## Exercise
Pictures stay out of this copy; please retype only the lines from the start of the records through the line with "#11,#12)) REPRESENTATION_CONTEXT('',''));".

====

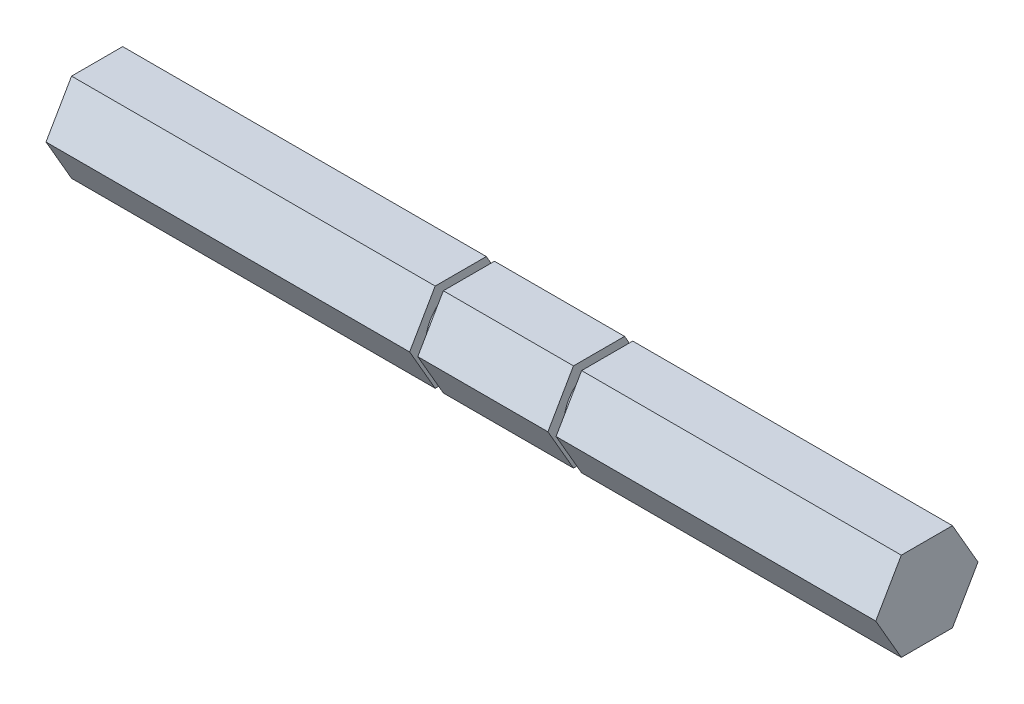
ISO-10303-21;
HEADER;
FILE_DESCRIPTION(('STEP AP214'),'2;1');
FILE_NAME('part.step','',(''),(''),'','','');
FILE_SCHEMA(('AUTOMOTIVE_DESIGN { 1 0 10303 214 1 1 1 1 }'));
ENDSEC;
DATA;
#1=APPLICATION_CONTEXT('core data for automotive mechanical design processes');
#2=APPLICATION_PROTOCOL_DEFINITION('international standard','automotive_design',2000,#1);
#3=PRODUCT_CONTEXT('',#1,'mechanical');
#4=PRODUCT('Part','Part','',(#3));
#5=PRODUCT_RELATED_PRODUCT_CATEGORY('part','',(#4));
#6=PRODUCT_DEFINITION_FORMATION('','',#4);
#7=PRODUCT_DEFINITION_CONTEXT('part definition',#1,'design');
#8=PRODUCT_DEFINITION('design','',#6,#7);
#9=PRODUCT_DEFINITION_SHAPE('','',#8);
#10=(LENGTH_UNIT() NAMED_UNIT(*) SI_UNIT(.MILLI.,.METRE.));
#11=(NAMED_UNIT(*) PLANE_ANGLE_UNIT() SI_UNIT($,.RADIAN.));
#12=(NAMED_UNIT(*) SI_UNIT($,.STERADIAN.) SOLID_ANGLE_UNIT());
#13=UNCERTAINTY_MEASURE_WITH_UNIT(LENGTH_MEASURE(1.E-05),#10,'distance_accuracy_value','');
#14=(GEOMETRIC_REPRESENTATION_CONTEXT(3) GLOBAL_UNCERTAINTY_ASSIGNED_CONTEXT((#13)) GLOBAL_UNIT_ASSIGNED_CONTEXT((#10,
#11,#12)) REPRESENTATION_CONTEXT('',''));
#15=CARTESIAN_POINT('',(0.,0.,0.));
#16=DIRECTION('',(0.,0.,1.));
#17=DIRECTION('',(1.,0.,0.));
#18=AXIS2_PLACEMENT_3D('',#15,#16,#17);
#19=CARTESIAN_POINT('',(59.5,-6.34999999999993,-3.66617420935418));
#20=DIRECTION('',(0.,0.499999999999995,0.866025403784442));
#21=DIRECTION('',(0.,-0.866025403784442,0.499999999999995));
#22=AXIS2_PLACEMENT_3D('',#19,#20,#21);
#23=PLANE('',#22);
#24=DIRECTION('',(0.,-0.866025403784442,0.499999999999995));
#25=VECTOR('',#24,1.);
#26=CARTESIAN_POINT('',(13.65,-6.34999999999993,-3.66617420935418));
#27=LINE('',#26,#25);
#28=CARTESIAN_POINT('',(13.65,0.,-7.33234841870822));
#29=VERTEX_POINT('',#28);
#30=CARTESIAN_POINT('',(13.65,-6.34999999999993,-3.66617420935418));
#31=VERTEX_POINT('',#30);
#32=EDGE_CURVE('E259',#29,#31,#27,.T.);
#33=ORIENTED_EDGE('',*,*,#32,.F.);
#34=DIRECTION('',(-1.,0.,0.));
#35=VECTOR('',#34,1.);
#36=CARTESIAN_POINT('',(59.5,0.,-7.33234841870822));
#37=LINE('',#36,#35);
#38=CARTESIAN_POINT('',(59.5,0.,-7.33234841870822));
#39=VERTEX_POINT('',#38);
#40=EDGE_CURVE('E164',#39,#29,#37,.T.);
#41=ORIENTED_EDGE('',*,*,#40,.F.);
#42=DIRECTION('',(0.,0.866025403784442,-0.499999999999995));
#43=VECTOR('',#42,1.);
#44=CARTESIAN_POINT('',(59.5,-6.34999999999993,-3.66617420935418));
#45=LINE('',#44,#43);
#46=CARTESIAN_POINT('',(59.5,-6.34999999999993,-3.66617420935418));
#47=VERTEX_POINT('',#46);
#48=EDGE_CURVE('E258',#47,#39,#45,.T.);
#49=ORIENTED_EDGE('',*,*,#48,.F.);
#50=DIRECTION('',(-1.,0.,0.));
#51=VECTOR('',#50,1.);
#52=CARTESIAN_POINT('',(59.5,-6.34999999999993,-3.66617420935418));
#53=LINE('',#52,#51);
#54=EDGE_CURVE('E183',#47,#31,#53,.T.);
#55=ORIENTED_EDGE('',*,*,#54,.T.);
#56=EDGE_LOOP('',(#33,#41,#49,#55));
#57=FACE_BOUND('',#56,.T.);
#58=ADVANCED_FACE('F34',(#57),#23,.F.);
#59=CARTESIAN_POINT('',(59.5,0.,-7.33234841870822));
#60=DIRECTION('',(0.,-0.500000000000001,0.866025403784438));
#61=DIRECTION('',(0.,-0.866025403784438,-0.500000000000001));
#62=AXIS2_PLACEMENT_3D('',#59,#60,#61);
#63=PLANE('',#62);
#64=DIRECTION('',(0.,-0.866025403784438,-0.500000000000001));
#65=VECTOR('',#64,1.);
#66=CARTESIAN_POINT('',(13.65,0.,-7.33234841870822));
#67=LINE('',#66,#65);
#68=CARTESIAN_POINT('',(13.65,6.34999999999999,-3.6661742093541));
#69=VERTEX_POINT('',#68);
#70=EDGE_CURVE('E255',#69,#29,#67,.T.);
#71=ORIENTED_EDGE('',*,*,#70,.F.);
#72=DIRECTION('',(-1.,0.,0.));
#73=VECTOR('',#72,1.);
#74=CARTESIAN_POINT('',(59.5,6.34999999999999,-3.6661742093541));
#75=LINE('',#74,#73);
#76=CARTESIAN_POINT('',(59.5,6.34999999999999,-3.6661742093541));
#77=VERTEX_POINT('',#76);
#78=EDGE_CURVE('E234',#77,#69,#75,.T.);
#79=ORIENTED_EDGE('',*,*,#78,.F.);
#80=DIRECTION('',(0.,0.866025403784438,0.500000000000001));
#81=VECTOR('',#80,1.);
#82=CARTESIAN_POINT('',(59.5,0.,-7.33234841870822));
#83=LINE('',#82,#81);
#84=EDGE_CURVE('E256',#39,#77,#83,.T.);
#85=ORIENTED_EDGE('',*,*,#84,.F.);
#86=ORIENTED_EDGE('',*,*,#40,.T.);
#87=EDGE_LOOP('',(#71,#79,#85,#86));
#88=FACE_BOUND('',#87,.T.);
#89=ADVANCED_FACE('F254',(#88),#63,.F.);
#90=CARTESIAN_POINT('',(59.5,6.34999999999999,-3.6661742093541));
#91=DIRECTION('',(0.,-1.,0.));
#92=DIRECTION('',(0.,0.,-1.));
#93=AXIS2_PLACEMENT_3D('',#90,#91,#92);
#94=PLANE('',#93);
#95=DIRECTION('',(0.,0.,-1.));
#96=VECTOR('',#95,1.);
#97=CARTESIAN_POINT('',(13.65,6.34999999999999,-3.6661742093541));
#98=LINE('',#97,#96);
#99=CARTESIAN_POINT('',(13.65,6.34999999999996,3.66617420935414));
#100=VERTEX_POINT('',#99);
#101=EDGE_CURVE('E264',#100,#69,#98,.T.);
#102=ORIENTED_EDGE('',*,*,#101,.F.);
#103=DIRECTION('',(-1.,0.,0.));
#104=VECTOR('',#103,1.);
#105=CARTESIAN_POINT('',(59.5,6.34999999999996,3.66617420935414));
#106=LINE('',#105,#104);
#107=CARTESIAN_POINT('',(59.5,6.34999999999996,3.66617420935414));
#108=VERTEX_POINT('',#107);
#109=EDGE_CURVE('E220',#108,#100,#106,.T.);
#110=ORIENTED_EDGE('',*,*,#109,.F.);
#111=DIRECTION('',(0.,0.,1.));
#112=VECTOR('',#111,1.);
#113=CARTESIAN_POINT('',(59.5,6.34999999999999,-3.6661742093541));
#114=LINE('',#113,#112);
#115=EDGE_CURVE('E278',#77,#108,#114,.T.);
#116=ORIENTED_EDGE('',*,*,#115,.F.);
#117=ORIENTED_EDGE('',*,*,#78,.T.);
#118=EDGE_LOOP('',(#102,#110,#116,#117));
#119=FACE_BOUND('',#118,.T.);
#120=ADVANCED_FACE('F317',(#119),#94,.F.);
#121=CARTESIAN_POINT('',(59.5,6.34999999999996,3.66617420935414));
#122=DIRECTION('',(0.,-0.499999999999995,-0.866025403784442));
#123=DIRECTION('',(0.,0.866025403784442,-0.499999999999995));
#124=AXIS2_PLACEMENT_3D('',#121,#122,#123);
#125=PLANE('',#124);
#126=DIRECTION('',(0.,0.866025403784442,-0.499999999999995));
#127=VECTOR('',#126,1.);
#128=CARTESIAN_POINT('',(13.65,6.34999999999996,3.66617420935414));
#129=LINE('',#128,#127);
#130=CARTESIAN_POINT('',(13.65,0.,7.33234841870822));
#131=VERTEX_POINT('',#130);
#132=EDGE_CURVE('E315',#131,#100,#129,.T.);
#133=ORIENTED_EDGE('',*,*,#132,.F.);
#134=DIRECTION('',(-1.,0.,0.));
#135=VECTOR('',#134,1.);
#136=CARTESIAN_POINT('',(59.5,0.,7.33234841870822));
#137=LINE('',#136,#135);
#138=CARTESIAN_POINT('',(59.5,0.,7.33234841870822));
#139=VERTEX_POINT('',#138);
#140=EDGE_CURVE('E207',#139,#131,#137,.T.);
#141=ORIENTED_EDGE('',*,*,#140,.F.);
#142=DIRECTION('',(0.,-0.866025403784441,0.499999999999995));
#143=VECTOR('',#142,1.);
#144=CARTESIAN_POINT('',(59.5,6.34999999999996,3.66617420935414));
#145=LINE('',#144,#143);
#146=EDGE_CURVE('E280',#108,#139,#145,.T.);
#147=ORIENTED_EDGE('',*,*,#146,.F.);
#148=ORIENTED_EDGE('',*,*,#109,.T.);
#149=EDGE_LOOP('',(#133,#141,#147,#148));
#150=FACE_BOUND('',#149,.T.);
#151=ADVANCED_FACE('F318',(#150),#125,.F.);
#152=CARTESIAN_POINT('',(59.5,0.,7.33234841870822));
#153=DIRECTION('',(0.,0.500000000000007,-0.866025403784435));
#154=DIRECTION('',(0.,0.866025403784435,0.500000000000007));
#155=AXIS2_PLACEMENT_3D('',#152,#153,#154);
#156=PLANE('',#155);
#157=DIRECTION('',(0.,0.866025403784435,0.500000000000007));
#158=VECTOR('',#157,1.);
#159=CARTESIAN_POINT('',(13.65,0.,7.33234841870822));
#160=LINE('',#159,#158);
#161=CARTESIAN_POINT('',(13.65,-6.35000000000001,3.66617420935405));
#162=VERTEX_POINT('',#161);
#163=EDGE_CURVE('E313',#162,#131,#160,.T.);
#164=ORIENTED_EDGE('',*,*,#163,.F.);
#165=DIRECTION('',(-1.,0.,0.));
#166=VECTOR('',#165,1.);
#167=CARTESIAN_POINT('',(59.5,-6.35000000000001,3.66617420935405));
#168=LINE('',#167,#166);
#169=CARTESIAN_POINT('',(59.5,-6.35000000000001,3.66617420935405));
#170=VERTEX_POINT('',#169);
#171=EDGE_CURVE('E196',#170,#162,#168,.T.);
#172=ORIENTED_EDGE('',*,*,#171,.F.);
#173=DIRECTION('',(0.,-0.866025403784435,-0.500000000000007));
#174=VECTOR('',#173,1.);
#175=CARTESIAN_POINT('',(59.5,0.,7.33234841870822));
#176=LINE('',#175,#174);
#177=EDGE_CURVE('E185',#139,#170,#176,.T.);
#178=ORIENTED_EDGE('',*,*,#177,.F.);
#179=ORIENTED_EDGE('',*,*,#140,.T.);
#180=EDGE_LOOP('',(#164,#172,#178,#179));
#181=FACE_BOUND('',#180,.T.);
#182=ADVANCED_FACE('F363',(#181),#156,.F.);
#183=CARTESIAN_POINT('',(59.5,-6.35000000000001,3.66617420935405));
#184=DIRECTION('',(0.,1.,0.));
#185=DIRECTION('',(0.,0.,1.));
#186=AXIS2_PLACEMENT_3D('',#183,#184,#185);
#187=PLANE('',#186);
#188=DIRECTION('',(0.,0.,1.));
#189=VECTOR('',#188,1.);
#190=CARTESIAN_POINT('',(13.65,-6.35000000000001,3.66617420935405));
#191=LINE('',#190,#189);
#192=EDGE_CURVE('E42',#31,#162,#191,.T.);
#193=ORIENTED_EDGE('',*,*,#192,.F.);
#194=ORIENTED_EDGE('',*,*,#54,.F.);
#195=DIRECTION('',(0.,0.,-1.));
#196=VECTOR('',#195,1.);
#197=CARTESIAN_POINT('',(59.5,-6.35000000000001,3.66617420935405));
#198=LINE('',#197,#196);
#199=EDGE_CURVE('E181',#170,#47,#198,.T.);
#200=ORIENTED_EDGE('',*,*,#199,.F.);
#201=ORIENTED_EDGE('',*,*,#171,.T.);
#202=EDGE_LOOP('',(#193,#194,#200,#201));
#203=FACE_BOUND('',#202,.T.);
#204=ADVANCED_FACE('F321',(#203),#187,.F.);
#205=CARTESIAN_POINT('',(59.5,0.,0.));
#206=DIRECTION('',(1.,0.,0.));
#207=DIRECTION('',(0.,0.,-1.));
#208=AXIS2_PLACEMENT_3D('',#205,#206,#207);
#209=PLANE('',#208);
#210=ORIENTED_EDGE('',*,*,#48,.T.);
#211=ORIENTED_EDGE('',*,*,#84,.T.);
#212=ORIENTED_EDGE('',*,*,#115,.T.);
#213=ORIENTED_EDGE('',*,*,#146,.T.);
#214=ORIENTED_EDGE('',*,*,#177,.T.);
#215=ORIENTED_EDGE('',*,*,#199,.T.);
#216=EDGE_LOOP('',(#210,#211,#212,#213,#214,#215));
#217=FACE_BOUND('',#216,.T.);
#218=ADVANCED_FACE('F320',(#217),#209,.T.);
#219=CARTESIAN_POINT('',(12.4816,13.9685232179915,0.));
#220=DIRECTION('',(1.,0.,0.));
#221=DIRECTION('',(0.,0.,-1.));
#222=AXIS2_PLACEMENT_3D('',#219,#220,#221);
#223=PLANE('',#222);
#224=CARTESIAN_POINT('',(12.4816,0.,0.));
#225=DIRECTION('',(-1.,0.,0.));
#226=DIRECTION('',(0.,0.,1.));
#227=AXIS2_PLACEMENT_3D('',#224,#225,#226);
#228=CIRCLE('',#227,5.0292);
#229=CARTESIAN_POINT('',(12.4816,0.,5.0292));
#230=VERTEX_POINT('',#229);
#231=EDGE_CURVE('E563',#230,#230,#228,.T.);
#232=ORIENTED_EDGE('',*,*,#231,.T.);
#233=EDGE_LOOP('',(#232));
#234=FACE_BOUND('',#233,.T.);
#235=DIRECTION('',(0.,0.866025403784442,-0.499999999999995));
#236=VECTOR('',#235,1.);
#237=CARTESIAN_POINT('',(12.4816,-6.34999999999993,-3.66617420935418));
#238=LINE('',#237,#236);
#239=CARTESIAN_POINT('',(12.4816,-6.34999999999993,-3.66617420935418));
#240=VERTEX_POINT('',#239);
#241=CARTESIAN_POINT('',(12.4816,0.,-7.33234841870822));
#242=VERTEX_POINT('',#241);
#243=EDGE_CURVE('E273',#240,#242,#238,.T.);
#244=ORIENTED_EDGE('',*,*,#243,.T.);
#245=DIRECTION('',(0.,0.866025403784438,0.500000000000001));
#246=VECTOR('',#245,1.);
#247=CARTESIAN_POINT('',(12.4816,0.,-7.33234841870822));
#248=LINE('',#247,#246);
#249=CARTESIAN_POINT('',(12.4816,6.34999999999999,-3.6661742093541));
#250=VERTEX_POINT('',#249);
#251=EDGE_CURVE('E271',#242,#250,#248,.T.);
#252=ORIENTED_EDGE('',*,*,#251,.T.);
#253=DIRECTION('',(0.,0.,1.));
#254=VECTOR('',#253,1.);
#255=CARTESIAN_POINT('',(12.4816,6.34999999999999,-3.6661742093541));
#256=LINE('',#255,#254);
#257=CARTESIAN_POINT('',(12.4816,6.34999999999996,3.66617420935414));
#258=VERTEX_POINT('',#257);
#259=EDGE_CURVE('E269',#250,#258,#256,.T.);
#260=ORIENTED_EDGE('',*,*,#259,.T.);
#261=DIRECTION('',(0.,-0.866025403784442,0.499999999999995));
#262=VECTOR('',#261,1.);
#263=CARTESIAN_POINT('',(12.4816,6.34999999999996,3.66617420935414));
#264=LINE('',#263,#262);
#265=CARTESIAN_POINT('',(12.4816,0.,7.33234841870822));
#266=VERTEX_POINT('',#265);
#267=EDGE_CURVE('E262',#258,#266,#264,.T.);
#268=ORIENTED_EDGE('',*,*,#267,.T.);
#269=DIRECTION('',(0.,-0.866025403784435,-0.500000000000007));
#270=VECTOR('',#269,1.);
#271=CARTESIAN_POINT('',(12.4816,0.,7.33234841870822));
#272=LINE('',#271,#270);
#273=CARTESIAN_POINT('',(12.4816,-6.35000000000001,3.66617420935405));
#274=VERTEX_POINT('',#273);
#275=EDGE_CURVE('E56',#266,#274,#272,.T.);
#276=ORIENTED_EDGE('',*,*,#275,.T.);
#277=DIRECTION('',(0.,0.,-1.));
#278=VECTOR('',#277,1.);
#279=CARTESIAN_POINT('',(12.4816,-6.35000000000001,3.66617420935405));
#280=LINE('',#279,#278);
#281=EDGE_CURVE('E11',#274,#240,#280,.T.);
#282=ORIENTED_EDGE('',*,*,#281,.T.);
#283=EDGE_LOOP('',(#244,#252,#260,#268,#276,#282));
#284=FACE_BOUND('',#283,.T.);
#285=ADVANCED_FACE('F337',(#234,#284),#223,.T.);
#286=CARTESIAN_POINT('',(13.65,13.9685232179915,0.));
#287=DIRECTION('',(-1.,0.,0.));
#288=DIRECTION('',(0.,0.,1.));
#289=AXIS2_PLACEMENT_3D('',#286,#287,#288);
#290=PLANE('',#289);
#291=CARTESIAN_POINT('',(13.65,0.,0.));
#292=DIRECTION('',(-1.,0.,0.));
#293=DIRECTION('',(0.,0.,1.));
#294=AXIS2_PLACEMENT_3D('',#291,#292,#293);
#295=CIRCLE('',#294,5.0292);
#296=CARTESIAN_POINT('',(13.65,0.,5.0292));
#297=VERTEX_POINT('',#296);
#298=EDGE_CURVE('E560',#297,#297,#295,.T.);
#299=ORIENTED_EDGE('',*,*,#298,.F.);
#300=EDGE_LOOP('',(#299));
#301=FACE_BOUND('',#300,.T.);
#302=ORIENTED_EDGE('',*,*,#32,.T.);
#303=ORIENTED_EDGE('',*,*,#192,.T.);
#304=ORIENTED_EDGE('',*,*,#163,.T.);
#305=ORIENTED_EDGE('',*,*,#132,.T.);
#306=ORIENTED_EDGE('',*,*,#101,.T.);
#307=ORIENTED_EDGE('',*,*,#70,.T.);
#308=EDGE_LOOP('',(#302,#303,#304,#305,#306,#307));
#309=FACE_BOUND('',#308,.T.);
#310=ADVANCED_FACE('F316',(#301,#309),#290,.T.);
#311=CARTESIAN_POINT('',(0.,0.,0.));
#312=DIRECTION('',(-1.,0.,0.));
#313=DIRECTION('',(0.,0.,1.));
#314=AXIS2_PLACEMENT_3D('',#311,#312,#313);
#315=CYLINDRICAL_SURFACE('',#314,5.0292);
#316=ORIENTED_EDGE('',*,*,#298,.T.);
#317=EDGE_LOOP('',(#316));
#318=FACE_BOUND('',#317,.T.);
#319=ORIENTED_EDGE('',*,*,#231,.F.);
#320=EDGE_LOOP('',(#319));
#321=FACE_BOUND('',#320,.T.);
#322=ADVANCED_FACE('F426',(#318,#321),#315,.T.);
#323=ORIENTED_EDGE('',*,*,#281,.F.);
#324=CARTESIAN_POINT('',(-6.18160000000001,-6.35000000000001,3.66617420935405));
#325=VERTEX_POINT('',#324);
#326=EDGE_CURVE('E195',#274,#325,#168,.T.);
#327=ORIENTED_EDGE('',*,*,#326,.T.);
#328=DIRECTION('',(0.,0.,1.));
#329=VECTOR('',#328,1.);
#330=CARTESIAN_POINT('',(-6.18160000000001,-6.35000000000001,3.66617420935405));
#331=LINE('',#330,#329);
#332=CARTESIAN_POINT('',(-6.18160000000001,-6.34999999999993,-3.66617420935418));
#333=VERTEX_POINT('',#332);
#334=EDGE_CURVE('E163',#333,#325,#331,.T.);
#335=ORIENTED_EDGE('',*,*,#334,.F.);
#336=EDGE_CURVE('E180',#240,#333,#53,.T.);
#337=ORIENTED_EDGE('',*,*,#336,.F.);
#338=EDGE_LOOP('',(#323,#327,#335,#337));
#339=FACE_BOUND('',#338,.T.);
#340=ADVANCED_FACE('F335',(#339),#187,.F.);
#341=ORIENTED_EDGE('',*,*,#275,.F.);
#342=CARTESIAN_POINT('',(-6.18160000000001,0.,7.33234841870822));
#343=VERTEX_POINT('',#342);
#344=EDGE_CURVE('E206',#266,#343,#137,.T.);
#345=ORIENTED_EDGE('',*,*,#344,.T.);
#346=DIRECTION('',(0.,0.866025403784435,0.500000000000007));
#347=VECTOR('',#346,1.);
#348=CARTESIAN_POINT('',(-6.18160000000001,0.,7.33234841870822));
#349=LINE('',#348,#347);
#350=EDGE_CURVE('E173',#325,#343,#349,.T.);
#351=ORIENTED_EDGE('',*,*,#350,.F.);
#352=ORIENTED_EDGE('',*,*,#326,.F.);
#353=EDGE_LOOP('',(#341,#345,#351,#352));
#354=FACE_BOUND('',#353,.T.);
#355=ADVANCED_FACE('F333',(#354),#156,.F.);
#356=ORIENTED_EDGE('',*,*,#267,.F.);
#357=CARTESIAN_POINT('',(-6.18160000000001,6.34999999999996,3.66617420935414));
#358=VERTEX_POINT('',#357);
#359=EDGE_CURVE('E219',#258,#358,#106,.T.);
#360=ORIENTED_EDGE('',*,*,#359,.T.);
#361=DIRECTION('',(0.,0.866025403784442,-0.499999999999995));
#362=VECTOR('',#361,1.);
#363=CARTESIAN_POINT('',(-6.18160000000001,6.34999999999996,3.66617420935414));
#364=LINE('',#363,#362);
#365=EDGE_CURVE('E305',#343,#358,#364,.T.);
#366=ORIENTED_EDGE('',*,*,#365,.F.);
#367=ORIENTED_EDGE('',*,*,#344,.F.);
#368=EDGE_LOOP('',(#356,#360,#366,#367));
#369=FACE_BOUND('',#368,.T.);
#370=ADVANCED_FACE('F352',(#369),#125,.F.);
#371=ORIENTED_EDGE('',*,*,#259,.F.);
#372=CARTESIAN_POINT('',(-6.18160000000001,6.34999999999999,-3.6661742093541));
#373=VERTEX_POINT('',#372);
#374=EDGE_CURVE('E233',#250,#373,#75,.T.);
#375=ORIENTED_EDGE('',*,*,#374,.T.);
#376=DIRECTION('',(0.,0.,-1.));
#377=VECTOR('',#376,1.);
#378=CARTESIAN_POINT('',(-6.18160000000001,6.34999999999999,-3.6661742093541));
#379=LINE('',#378,#377);
#380=EDGE_CURVE('E307',#358,#373,#379,.T.);
#381=ORIENTED_EDGE('',*,*,#380,.F.);
#382=ORIENTED_EDGE('',*,*,#359,.F.);
#383=EDGE_LOOP('',(#371,#375,#381,#382));
#384=FACE_BOUND('',#383,.T.);
#385=ADVANCED_FACE('F349',(#384),#94,.F.);
#386=ORIENTED_EDGE('',*,*,#251,.F.);
#387=CARTESIAN_POINT('',(-6.18160000000001,0.,-7.33234841870822));
#388=VERTEX_POINT('',#387);
#389=EDGE_CURVE('E246',#242,#388,#37,.T.);
#390=ORIENTED_EDGE('',*,*,#389,.T.);
#391=DIRECTION('',(0.,-0.866025403784438,-0.500000000000001));
#392=VECTOR('',#391,1.);
#393=CARTESIAN_POINT('',(-6.18160000000001,0.,-7.33234841870822));
#394=LINE('',#393,#392);
#395=EDGE_CURVE('E309',#373,#388,#394,.T.);
#396=ORIENTED_EDGE('',*,*,#395,.F.);
#397=ORIENTED_EDGE('',*,*,#374,.F.);
#398=EDGE_LOOP('',(#386,#390,#396,#397));
#399=FACE_BOUND('',#398,.T.);
#400=ADVANCED_FACE('F343',(#399),#63,.F.);
#401=ORIENTED_EDGE('',*,*,#243,.F.);
#402=ORIENTED_EDGE('',*,*,#336,.T.);
#403=DIRECTION('',(0.,-0.866025403784442,0.499999999999995));
#404=VECTOR('',#403,1.);
#405=CARTESIAN_POINT('',(-6.18160000000001,-6.34999999999993,-3.66617420935418));
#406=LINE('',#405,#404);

====

## Response area
ISO-10303-21;
HEADER;
FILE_DESCRIPTION(('STEP AP214'),'2;1');
FILE_NAME('part.step','',(''),(''),'','','');
FILE_SCHEMA(('AUTOMOTIVE_DESIGN { 1 0 10303 214 1 1 1 1 }'));
ENDSEC;
DATA;
#1=APPLICATION_CONTEXT('core data for automotive mechanical design processes');
#2=APPLICATION_PROTOCOL_DEFINITION('international standard','automotive_design',2000,#1);
#3=PRODUCT_CONTEXT('',#1,'mechanical');
#4=PRODUCT('Part','Part','',(#3));
#5=PRODUCT_RELATED_PRODUCT_CATEGORY('part','',(#4));
#6=PRODUCT_DEFINITION_FORMATION('','',#4);
#7=PRODUCT_DEFINITION_CONTEXT('part definition',#1,'design');
#8=PRODUCT_DEFINITION('design','',#6,#7);
#9=PRODUCT_DEFINITION_SHAPE('','',#8);
#10=(LENGTH_UNIT() NAMED_UNIT(*) SI_UNIT(.MILLI.,.METRE.));
#11=(NAMED_UNIT(*) PLANE_ANGLE_UNIT() SI_UNIT($,.RADIAN.));
#12=(NAMED_UNIT(*) SI_UNIT($,.STERADIAN.) SOLID_ANGLE_UNIT());
#13=UNCERTAINTY_MEASURE_WITH_UNIT(LENGTH_MEASURE(1.E-05),#10,'distance_accuracy_value','');
#14=(GEOMETRIC_REPRESENTATION_CONTEXT(3) GLOBAL_UNCERTAINTY_ASSIGNED_CONTEXT((#13)) GLOBAL_UNIT_ASSIGNED_CONTEXT((#10,
#11,#12)) REPRESENTATION_CONTEXT('',''));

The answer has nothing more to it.